■ What is needed ■
Set out exactly, line by line, the stretch of data below that begins at the line containing "#262=AXIS2_PLACEMENT_3D('',#259,#260,#261);" and ends at the line containing "#268=LINE('',#267,#266);", with both ends kept.

■ Data for review ■
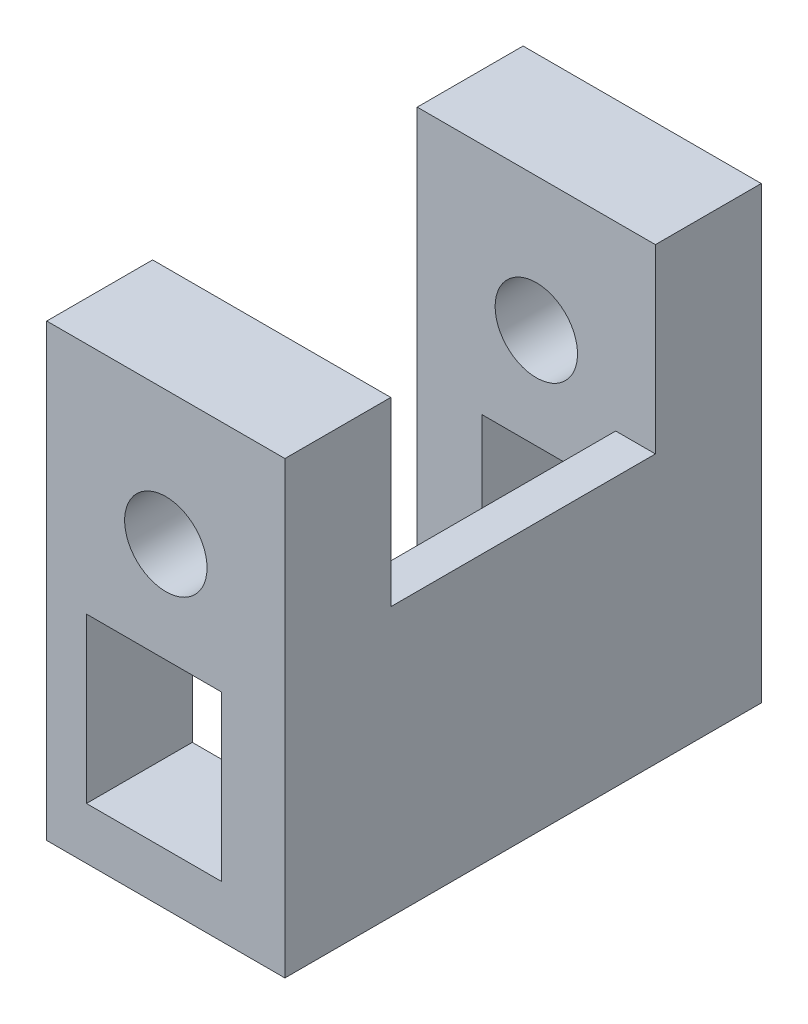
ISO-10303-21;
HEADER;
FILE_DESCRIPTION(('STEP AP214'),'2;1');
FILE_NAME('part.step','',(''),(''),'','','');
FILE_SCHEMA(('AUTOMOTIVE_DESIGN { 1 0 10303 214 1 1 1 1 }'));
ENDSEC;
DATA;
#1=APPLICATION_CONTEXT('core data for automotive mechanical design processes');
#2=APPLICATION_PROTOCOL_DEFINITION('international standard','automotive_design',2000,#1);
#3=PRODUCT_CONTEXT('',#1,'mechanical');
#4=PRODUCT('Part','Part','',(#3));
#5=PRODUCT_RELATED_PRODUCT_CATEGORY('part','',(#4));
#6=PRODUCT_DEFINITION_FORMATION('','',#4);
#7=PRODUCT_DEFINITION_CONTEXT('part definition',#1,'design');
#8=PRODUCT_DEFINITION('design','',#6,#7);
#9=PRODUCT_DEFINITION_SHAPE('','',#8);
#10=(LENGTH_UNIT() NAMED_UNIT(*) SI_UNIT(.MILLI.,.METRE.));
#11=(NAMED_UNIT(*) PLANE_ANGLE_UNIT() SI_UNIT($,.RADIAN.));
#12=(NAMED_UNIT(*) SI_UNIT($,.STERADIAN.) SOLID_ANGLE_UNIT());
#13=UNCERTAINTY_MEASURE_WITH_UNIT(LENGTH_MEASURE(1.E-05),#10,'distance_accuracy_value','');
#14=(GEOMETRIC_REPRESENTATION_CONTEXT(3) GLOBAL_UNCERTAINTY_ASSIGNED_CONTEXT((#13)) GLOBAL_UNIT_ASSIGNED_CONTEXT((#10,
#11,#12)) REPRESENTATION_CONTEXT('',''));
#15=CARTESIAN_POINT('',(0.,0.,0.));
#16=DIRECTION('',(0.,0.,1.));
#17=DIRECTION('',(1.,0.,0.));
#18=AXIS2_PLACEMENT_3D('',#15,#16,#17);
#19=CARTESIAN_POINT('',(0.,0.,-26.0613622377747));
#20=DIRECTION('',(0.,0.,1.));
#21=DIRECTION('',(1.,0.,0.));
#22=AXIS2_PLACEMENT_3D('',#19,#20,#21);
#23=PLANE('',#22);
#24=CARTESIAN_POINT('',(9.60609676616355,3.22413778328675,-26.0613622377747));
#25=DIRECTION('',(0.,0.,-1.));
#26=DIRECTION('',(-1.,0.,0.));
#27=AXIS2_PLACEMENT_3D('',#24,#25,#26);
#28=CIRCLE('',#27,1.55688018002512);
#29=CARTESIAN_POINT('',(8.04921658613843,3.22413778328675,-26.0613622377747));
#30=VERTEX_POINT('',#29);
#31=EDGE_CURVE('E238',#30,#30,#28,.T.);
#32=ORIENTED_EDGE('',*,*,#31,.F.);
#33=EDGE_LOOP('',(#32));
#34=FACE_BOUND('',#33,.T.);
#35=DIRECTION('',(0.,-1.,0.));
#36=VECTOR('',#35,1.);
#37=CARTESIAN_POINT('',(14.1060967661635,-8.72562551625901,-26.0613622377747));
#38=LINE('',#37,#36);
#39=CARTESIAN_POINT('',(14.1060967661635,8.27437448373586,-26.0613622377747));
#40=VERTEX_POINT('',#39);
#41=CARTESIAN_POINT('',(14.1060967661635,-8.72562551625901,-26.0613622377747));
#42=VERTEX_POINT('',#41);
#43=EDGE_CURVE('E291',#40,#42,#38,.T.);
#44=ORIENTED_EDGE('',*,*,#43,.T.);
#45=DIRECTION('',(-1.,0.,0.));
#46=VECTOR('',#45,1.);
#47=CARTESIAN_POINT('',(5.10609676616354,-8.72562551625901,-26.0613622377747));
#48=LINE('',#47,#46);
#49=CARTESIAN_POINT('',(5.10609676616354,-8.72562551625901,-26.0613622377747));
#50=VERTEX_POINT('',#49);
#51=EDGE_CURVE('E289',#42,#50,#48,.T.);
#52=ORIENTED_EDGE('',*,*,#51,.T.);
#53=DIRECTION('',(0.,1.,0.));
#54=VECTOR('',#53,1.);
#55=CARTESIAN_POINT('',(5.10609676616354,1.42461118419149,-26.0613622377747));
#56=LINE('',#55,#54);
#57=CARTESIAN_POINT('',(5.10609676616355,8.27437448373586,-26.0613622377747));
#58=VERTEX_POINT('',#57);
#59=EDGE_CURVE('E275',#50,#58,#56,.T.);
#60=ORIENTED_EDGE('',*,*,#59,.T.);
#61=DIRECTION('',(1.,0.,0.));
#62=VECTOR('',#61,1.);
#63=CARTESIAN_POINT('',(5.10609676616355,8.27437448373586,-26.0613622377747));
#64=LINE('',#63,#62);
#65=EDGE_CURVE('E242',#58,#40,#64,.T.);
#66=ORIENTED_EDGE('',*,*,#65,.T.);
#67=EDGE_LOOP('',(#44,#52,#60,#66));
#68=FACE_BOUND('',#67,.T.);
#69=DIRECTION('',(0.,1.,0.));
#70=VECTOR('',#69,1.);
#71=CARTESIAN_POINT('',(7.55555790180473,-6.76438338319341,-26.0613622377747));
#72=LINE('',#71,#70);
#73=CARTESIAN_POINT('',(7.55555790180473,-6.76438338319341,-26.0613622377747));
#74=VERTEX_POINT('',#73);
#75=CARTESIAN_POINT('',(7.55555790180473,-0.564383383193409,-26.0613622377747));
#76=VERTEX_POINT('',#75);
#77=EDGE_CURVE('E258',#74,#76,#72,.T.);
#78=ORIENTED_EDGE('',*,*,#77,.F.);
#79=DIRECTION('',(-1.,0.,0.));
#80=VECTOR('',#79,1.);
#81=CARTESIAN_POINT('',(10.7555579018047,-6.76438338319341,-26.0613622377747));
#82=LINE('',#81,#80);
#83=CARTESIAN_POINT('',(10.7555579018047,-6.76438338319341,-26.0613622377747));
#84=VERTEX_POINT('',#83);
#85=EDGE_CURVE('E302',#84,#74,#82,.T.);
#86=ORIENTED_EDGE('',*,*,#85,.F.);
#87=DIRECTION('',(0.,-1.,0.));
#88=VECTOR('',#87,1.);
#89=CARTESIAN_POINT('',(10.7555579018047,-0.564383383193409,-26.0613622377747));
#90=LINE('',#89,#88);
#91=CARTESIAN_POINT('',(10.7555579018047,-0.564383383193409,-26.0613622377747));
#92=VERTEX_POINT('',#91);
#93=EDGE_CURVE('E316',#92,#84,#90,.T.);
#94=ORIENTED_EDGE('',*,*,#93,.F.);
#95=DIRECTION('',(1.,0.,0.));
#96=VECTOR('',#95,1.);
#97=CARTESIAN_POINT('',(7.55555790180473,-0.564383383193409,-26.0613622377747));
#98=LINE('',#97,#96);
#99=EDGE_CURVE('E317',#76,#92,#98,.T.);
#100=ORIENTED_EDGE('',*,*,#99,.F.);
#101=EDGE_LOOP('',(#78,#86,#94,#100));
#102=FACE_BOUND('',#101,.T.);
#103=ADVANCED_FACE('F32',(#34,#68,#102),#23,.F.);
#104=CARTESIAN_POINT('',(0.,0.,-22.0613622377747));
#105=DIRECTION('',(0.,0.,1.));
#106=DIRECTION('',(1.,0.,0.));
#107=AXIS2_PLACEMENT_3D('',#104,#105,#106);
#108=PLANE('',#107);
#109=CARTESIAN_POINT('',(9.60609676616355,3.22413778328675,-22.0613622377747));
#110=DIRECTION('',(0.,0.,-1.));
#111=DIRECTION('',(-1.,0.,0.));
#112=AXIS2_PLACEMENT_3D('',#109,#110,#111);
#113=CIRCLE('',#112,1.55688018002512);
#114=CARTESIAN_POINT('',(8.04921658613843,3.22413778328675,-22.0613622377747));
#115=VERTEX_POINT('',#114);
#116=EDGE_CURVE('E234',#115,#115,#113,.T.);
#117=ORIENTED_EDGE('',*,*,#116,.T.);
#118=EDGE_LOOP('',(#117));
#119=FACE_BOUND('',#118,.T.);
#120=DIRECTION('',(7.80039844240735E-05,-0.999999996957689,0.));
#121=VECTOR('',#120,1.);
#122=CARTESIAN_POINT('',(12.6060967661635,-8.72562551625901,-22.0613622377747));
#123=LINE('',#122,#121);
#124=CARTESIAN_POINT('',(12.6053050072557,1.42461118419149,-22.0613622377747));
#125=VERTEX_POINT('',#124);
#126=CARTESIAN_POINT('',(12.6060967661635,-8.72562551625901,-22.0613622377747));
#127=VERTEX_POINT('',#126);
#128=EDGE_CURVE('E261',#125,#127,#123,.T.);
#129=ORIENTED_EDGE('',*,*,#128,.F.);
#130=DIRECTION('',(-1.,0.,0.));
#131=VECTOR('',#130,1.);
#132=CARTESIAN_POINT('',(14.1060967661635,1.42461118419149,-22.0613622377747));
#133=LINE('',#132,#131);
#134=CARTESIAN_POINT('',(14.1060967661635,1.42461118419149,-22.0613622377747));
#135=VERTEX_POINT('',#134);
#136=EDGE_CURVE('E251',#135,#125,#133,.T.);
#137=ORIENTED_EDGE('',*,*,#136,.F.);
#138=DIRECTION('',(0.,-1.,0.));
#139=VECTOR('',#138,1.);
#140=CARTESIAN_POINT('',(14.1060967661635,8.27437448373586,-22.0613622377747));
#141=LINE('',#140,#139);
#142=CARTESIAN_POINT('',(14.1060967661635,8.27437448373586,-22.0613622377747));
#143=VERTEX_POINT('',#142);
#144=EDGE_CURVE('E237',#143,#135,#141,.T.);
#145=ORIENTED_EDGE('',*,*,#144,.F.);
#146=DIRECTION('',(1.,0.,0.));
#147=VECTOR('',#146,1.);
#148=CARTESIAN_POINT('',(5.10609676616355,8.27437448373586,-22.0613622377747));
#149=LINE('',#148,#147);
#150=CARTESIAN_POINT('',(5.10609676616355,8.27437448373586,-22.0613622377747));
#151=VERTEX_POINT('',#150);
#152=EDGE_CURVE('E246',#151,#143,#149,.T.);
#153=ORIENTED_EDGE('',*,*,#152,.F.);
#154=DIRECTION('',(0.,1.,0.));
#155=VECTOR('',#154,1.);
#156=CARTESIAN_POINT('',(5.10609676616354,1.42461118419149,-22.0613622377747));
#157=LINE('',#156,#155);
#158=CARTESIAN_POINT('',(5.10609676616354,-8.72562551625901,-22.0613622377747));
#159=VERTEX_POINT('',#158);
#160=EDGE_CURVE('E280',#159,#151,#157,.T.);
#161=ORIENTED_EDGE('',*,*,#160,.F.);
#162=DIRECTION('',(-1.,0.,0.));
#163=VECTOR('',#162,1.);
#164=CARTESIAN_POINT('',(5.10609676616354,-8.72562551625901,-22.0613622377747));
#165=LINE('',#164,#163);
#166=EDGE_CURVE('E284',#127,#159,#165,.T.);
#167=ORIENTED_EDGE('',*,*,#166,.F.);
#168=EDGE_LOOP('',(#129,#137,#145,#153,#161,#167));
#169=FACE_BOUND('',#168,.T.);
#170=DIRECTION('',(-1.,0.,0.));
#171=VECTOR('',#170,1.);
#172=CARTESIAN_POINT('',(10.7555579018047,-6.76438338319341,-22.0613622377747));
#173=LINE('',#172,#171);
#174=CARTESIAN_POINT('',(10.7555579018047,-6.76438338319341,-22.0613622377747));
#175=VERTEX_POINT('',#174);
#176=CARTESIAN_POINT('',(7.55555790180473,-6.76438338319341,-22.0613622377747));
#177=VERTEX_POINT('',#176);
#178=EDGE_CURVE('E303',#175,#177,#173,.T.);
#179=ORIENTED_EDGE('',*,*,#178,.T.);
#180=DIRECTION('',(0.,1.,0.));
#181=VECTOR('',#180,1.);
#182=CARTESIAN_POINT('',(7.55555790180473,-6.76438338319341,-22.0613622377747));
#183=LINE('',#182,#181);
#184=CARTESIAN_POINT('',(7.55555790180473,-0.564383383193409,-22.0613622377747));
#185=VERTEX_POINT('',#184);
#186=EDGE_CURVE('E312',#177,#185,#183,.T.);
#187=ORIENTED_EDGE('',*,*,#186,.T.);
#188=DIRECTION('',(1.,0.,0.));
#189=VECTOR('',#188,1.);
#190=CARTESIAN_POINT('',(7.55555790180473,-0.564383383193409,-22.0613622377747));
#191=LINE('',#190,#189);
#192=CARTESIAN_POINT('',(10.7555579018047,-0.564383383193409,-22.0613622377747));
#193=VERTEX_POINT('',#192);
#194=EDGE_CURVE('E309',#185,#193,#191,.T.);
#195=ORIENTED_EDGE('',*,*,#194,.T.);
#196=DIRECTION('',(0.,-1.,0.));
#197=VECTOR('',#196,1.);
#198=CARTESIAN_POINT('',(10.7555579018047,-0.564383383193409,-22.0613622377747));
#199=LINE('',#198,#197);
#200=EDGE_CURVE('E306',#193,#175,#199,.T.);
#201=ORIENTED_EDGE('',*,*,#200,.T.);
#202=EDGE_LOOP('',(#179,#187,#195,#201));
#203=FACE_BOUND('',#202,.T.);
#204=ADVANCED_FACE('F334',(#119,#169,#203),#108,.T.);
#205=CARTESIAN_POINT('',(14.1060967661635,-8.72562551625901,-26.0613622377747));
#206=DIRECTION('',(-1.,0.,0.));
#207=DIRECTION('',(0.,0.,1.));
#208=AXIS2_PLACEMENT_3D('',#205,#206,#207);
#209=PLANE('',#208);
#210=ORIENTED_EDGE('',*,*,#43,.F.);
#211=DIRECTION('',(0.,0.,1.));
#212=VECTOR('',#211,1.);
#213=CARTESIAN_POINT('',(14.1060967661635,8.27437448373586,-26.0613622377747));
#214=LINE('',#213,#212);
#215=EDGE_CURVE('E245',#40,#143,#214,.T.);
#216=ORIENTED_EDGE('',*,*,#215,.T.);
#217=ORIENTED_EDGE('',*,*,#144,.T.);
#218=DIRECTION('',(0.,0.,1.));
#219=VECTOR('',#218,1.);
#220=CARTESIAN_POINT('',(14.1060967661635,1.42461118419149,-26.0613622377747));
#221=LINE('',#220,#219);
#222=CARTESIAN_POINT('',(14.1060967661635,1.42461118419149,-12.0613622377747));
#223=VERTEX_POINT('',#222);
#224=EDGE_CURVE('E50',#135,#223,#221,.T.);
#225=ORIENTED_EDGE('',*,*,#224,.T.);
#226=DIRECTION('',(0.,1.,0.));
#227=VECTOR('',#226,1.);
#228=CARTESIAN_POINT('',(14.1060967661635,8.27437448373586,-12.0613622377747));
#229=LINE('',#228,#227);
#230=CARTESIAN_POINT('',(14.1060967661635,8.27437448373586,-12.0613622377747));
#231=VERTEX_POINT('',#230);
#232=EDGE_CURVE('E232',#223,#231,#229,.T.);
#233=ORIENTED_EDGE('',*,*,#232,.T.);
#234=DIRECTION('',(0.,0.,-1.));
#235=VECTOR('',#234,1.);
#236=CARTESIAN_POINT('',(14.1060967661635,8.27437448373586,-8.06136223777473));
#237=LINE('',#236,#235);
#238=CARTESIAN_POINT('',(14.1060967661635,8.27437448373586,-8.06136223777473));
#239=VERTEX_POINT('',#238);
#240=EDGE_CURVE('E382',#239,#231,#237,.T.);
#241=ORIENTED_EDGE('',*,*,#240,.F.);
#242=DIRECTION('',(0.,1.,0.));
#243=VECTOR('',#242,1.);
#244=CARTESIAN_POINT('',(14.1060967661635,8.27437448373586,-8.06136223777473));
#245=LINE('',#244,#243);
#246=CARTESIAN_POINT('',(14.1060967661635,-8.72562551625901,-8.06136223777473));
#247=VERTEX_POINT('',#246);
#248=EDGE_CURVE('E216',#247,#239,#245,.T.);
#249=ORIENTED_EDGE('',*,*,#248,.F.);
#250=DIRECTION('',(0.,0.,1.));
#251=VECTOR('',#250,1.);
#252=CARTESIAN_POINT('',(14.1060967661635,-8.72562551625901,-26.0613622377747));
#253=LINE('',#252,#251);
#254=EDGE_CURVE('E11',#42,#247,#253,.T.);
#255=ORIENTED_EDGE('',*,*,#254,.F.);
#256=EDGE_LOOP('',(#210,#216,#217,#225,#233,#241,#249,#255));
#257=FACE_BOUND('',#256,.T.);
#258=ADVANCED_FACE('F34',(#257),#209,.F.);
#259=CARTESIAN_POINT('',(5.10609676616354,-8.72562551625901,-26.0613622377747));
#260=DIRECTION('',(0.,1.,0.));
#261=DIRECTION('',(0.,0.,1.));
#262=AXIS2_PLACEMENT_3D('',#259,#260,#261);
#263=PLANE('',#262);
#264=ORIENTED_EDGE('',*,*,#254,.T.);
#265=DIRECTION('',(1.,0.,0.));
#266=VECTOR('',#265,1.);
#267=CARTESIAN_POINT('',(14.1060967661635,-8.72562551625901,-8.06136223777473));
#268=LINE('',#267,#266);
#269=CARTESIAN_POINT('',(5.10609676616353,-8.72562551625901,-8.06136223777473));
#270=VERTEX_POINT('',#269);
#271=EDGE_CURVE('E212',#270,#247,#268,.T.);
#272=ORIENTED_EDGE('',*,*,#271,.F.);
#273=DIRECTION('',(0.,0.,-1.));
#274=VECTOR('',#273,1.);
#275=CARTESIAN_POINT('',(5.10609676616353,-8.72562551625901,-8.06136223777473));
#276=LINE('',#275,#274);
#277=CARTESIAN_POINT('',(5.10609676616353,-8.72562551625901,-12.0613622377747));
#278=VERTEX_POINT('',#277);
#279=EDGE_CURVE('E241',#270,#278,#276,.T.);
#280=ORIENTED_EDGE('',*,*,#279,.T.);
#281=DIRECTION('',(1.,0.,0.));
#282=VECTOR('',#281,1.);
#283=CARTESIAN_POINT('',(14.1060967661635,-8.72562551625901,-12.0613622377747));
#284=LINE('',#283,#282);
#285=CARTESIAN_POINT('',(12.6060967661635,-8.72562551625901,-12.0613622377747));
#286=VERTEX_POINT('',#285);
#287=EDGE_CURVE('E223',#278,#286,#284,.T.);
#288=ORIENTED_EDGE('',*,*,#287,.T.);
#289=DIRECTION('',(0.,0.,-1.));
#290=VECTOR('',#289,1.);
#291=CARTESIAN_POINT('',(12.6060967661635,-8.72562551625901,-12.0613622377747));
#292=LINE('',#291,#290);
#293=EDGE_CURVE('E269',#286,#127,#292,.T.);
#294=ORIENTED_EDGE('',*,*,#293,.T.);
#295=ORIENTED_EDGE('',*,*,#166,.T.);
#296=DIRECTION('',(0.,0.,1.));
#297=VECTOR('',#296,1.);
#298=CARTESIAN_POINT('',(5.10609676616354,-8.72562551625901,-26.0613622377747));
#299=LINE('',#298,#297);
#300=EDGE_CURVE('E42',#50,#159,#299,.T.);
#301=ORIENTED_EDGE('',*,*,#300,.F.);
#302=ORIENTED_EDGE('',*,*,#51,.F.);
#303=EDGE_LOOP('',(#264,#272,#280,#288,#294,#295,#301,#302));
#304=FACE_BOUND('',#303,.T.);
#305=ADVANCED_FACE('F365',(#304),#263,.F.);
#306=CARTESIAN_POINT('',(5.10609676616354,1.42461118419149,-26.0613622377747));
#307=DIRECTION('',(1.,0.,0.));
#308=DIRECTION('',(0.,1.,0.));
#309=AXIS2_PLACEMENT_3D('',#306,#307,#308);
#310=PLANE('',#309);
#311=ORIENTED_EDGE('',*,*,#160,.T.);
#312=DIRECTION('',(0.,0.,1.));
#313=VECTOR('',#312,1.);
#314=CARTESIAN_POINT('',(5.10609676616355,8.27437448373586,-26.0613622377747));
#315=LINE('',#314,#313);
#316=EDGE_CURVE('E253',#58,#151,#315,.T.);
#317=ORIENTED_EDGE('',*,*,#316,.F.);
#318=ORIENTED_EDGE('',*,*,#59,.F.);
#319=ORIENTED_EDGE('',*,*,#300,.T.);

■ Your solution ■
#262=AXIS2_PLACEMENT_3D('',#259,#260,#261);
#263=PLANE('',#262);
#264=ORIENTED_EDGE('',*,*,#254,.T.);
#265=DIRECTION('',(1.,0.,0.));
#266=VECTOR('',#265,1.);
#267=CARTESIAN_POINT('',(14.1060967661635,-8.72562551625901,-8.06136223777473));
#268=LINE('',#267,#266);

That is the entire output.